** INFORMATION SUPPLIED follows **

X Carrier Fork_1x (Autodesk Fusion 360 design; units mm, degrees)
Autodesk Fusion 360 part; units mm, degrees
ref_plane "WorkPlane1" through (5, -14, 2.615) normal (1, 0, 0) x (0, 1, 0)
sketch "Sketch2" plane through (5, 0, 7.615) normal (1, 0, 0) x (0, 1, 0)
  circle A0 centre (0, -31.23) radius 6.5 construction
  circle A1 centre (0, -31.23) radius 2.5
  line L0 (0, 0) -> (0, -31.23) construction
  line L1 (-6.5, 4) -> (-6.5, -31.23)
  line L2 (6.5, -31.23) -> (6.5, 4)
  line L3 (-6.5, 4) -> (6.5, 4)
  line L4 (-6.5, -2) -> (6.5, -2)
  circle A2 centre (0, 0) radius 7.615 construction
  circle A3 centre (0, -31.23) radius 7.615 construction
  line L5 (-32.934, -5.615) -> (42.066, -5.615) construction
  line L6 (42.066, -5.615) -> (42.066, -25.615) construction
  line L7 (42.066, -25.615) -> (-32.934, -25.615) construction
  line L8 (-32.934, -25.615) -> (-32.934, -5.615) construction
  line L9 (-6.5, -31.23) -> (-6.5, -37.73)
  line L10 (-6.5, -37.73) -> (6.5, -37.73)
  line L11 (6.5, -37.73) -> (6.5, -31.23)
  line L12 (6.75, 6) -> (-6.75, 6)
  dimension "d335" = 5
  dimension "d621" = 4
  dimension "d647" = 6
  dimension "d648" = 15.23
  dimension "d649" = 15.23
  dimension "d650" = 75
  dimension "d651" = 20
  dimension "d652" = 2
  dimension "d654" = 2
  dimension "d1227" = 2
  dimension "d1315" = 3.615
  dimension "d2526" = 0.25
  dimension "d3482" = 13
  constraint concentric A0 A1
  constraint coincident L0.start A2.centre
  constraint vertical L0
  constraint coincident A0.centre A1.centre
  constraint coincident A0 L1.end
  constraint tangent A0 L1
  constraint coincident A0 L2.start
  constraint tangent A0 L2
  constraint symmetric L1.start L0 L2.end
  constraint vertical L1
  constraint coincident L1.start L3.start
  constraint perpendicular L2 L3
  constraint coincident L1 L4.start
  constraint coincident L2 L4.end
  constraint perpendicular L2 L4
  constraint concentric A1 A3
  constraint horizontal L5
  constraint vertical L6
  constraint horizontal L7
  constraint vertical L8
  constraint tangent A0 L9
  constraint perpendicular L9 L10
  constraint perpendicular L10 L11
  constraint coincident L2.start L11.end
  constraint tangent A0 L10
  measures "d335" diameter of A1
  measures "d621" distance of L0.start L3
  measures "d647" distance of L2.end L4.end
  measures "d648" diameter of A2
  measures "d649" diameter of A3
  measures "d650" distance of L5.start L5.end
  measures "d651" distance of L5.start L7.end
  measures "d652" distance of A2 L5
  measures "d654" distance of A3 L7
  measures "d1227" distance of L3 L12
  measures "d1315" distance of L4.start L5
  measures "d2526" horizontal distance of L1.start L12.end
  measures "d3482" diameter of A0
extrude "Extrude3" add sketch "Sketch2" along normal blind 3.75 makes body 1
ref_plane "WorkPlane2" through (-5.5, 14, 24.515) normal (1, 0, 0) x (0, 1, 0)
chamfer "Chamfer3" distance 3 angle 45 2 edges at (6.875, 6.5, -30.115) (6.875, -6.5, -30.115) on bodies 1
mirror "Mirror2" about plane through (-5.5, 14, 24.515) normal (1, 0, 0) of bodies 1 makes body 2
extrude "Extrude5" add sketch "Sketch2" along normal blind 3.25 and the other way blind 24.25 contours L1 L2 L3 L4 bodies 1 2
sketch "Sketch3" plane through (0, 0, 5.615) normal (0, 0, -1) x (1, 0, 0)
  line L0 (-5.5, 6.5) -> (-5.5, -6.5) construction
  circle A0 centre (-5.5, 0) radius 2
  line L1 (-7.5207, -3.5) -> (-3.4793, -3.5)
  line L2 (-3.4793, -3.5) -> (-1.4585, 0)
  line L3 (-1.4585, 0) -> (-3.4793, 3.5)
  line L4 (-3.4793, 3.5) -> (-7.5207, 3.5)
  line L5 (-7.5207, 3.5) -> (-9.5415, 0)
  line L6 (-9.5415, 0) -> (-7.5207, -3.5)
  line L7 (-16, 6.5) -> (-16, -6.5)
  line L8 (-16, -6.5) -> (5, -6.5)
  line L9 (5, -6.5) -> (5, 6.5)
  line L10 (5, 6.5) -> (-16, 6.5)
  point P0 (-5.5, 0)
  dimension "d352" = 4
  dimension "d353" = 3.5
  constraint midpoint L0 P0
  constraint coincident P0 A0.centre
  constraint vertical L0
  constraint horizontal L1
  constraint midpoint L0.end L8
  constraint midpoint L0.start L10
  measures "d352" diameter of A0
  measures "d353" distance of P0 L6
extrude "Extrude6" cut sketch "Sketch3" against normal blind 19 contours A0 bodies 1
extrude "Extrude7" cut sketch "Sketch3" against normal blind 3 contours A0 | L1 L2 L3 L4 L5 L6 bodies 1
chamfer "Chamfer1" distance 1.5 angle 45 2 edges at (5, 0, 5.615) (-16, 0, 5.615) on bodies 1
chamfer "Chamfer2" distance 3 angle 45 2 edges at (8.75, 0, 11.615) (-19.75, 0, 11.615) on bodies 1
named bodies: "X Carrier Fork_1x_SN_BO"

** End of INFORMATION SUPPLIED **

**AIM OF THE EXERCISE**: Your reply should hold every line from the data that contains "normal", copied in full.

**TASK OUTPUT**:
ref_plane "WorkPlane1" through (5, -14, 2.615) normal (1, 0, 0) x (0, 1, 0)
sketch "Sketch2" plane through (5, 0, 7.615) normal (1, 0, 0) x (0, 1, 0)
extrude "Extrude3" add sketch "Sketch2" along normal blind 3.75 makes body 1
ref_plane "WorkPlane2" through (-5.5, 14, 24.515) normal (1, 0, 0) x (0, 1, 0)
mirror "Mirror2" about plane through (-5.5, 14, 24.515) normal (1, 0, 0) of bodies 1 makes body 2
extrude "Extrude5" add sketch "Sketch2" along normal blind 3.25 and the other way blind 24.25 contours L1 L2 L3 L4 bodies 1 2
sketch "Sketch3" plane through (0, 0, 5.615) normal (0, 0, -1) x (1, 0, 0)
extrude "Extrude6" cut sketch "Sketch3" against normal blind 19 contours A0 bodies 1
extrude "Extrude7" cut sketch "Sketch3" against normal blind 3 contours A0 | L1 L2 L3 L4 L5 L6 bodies 1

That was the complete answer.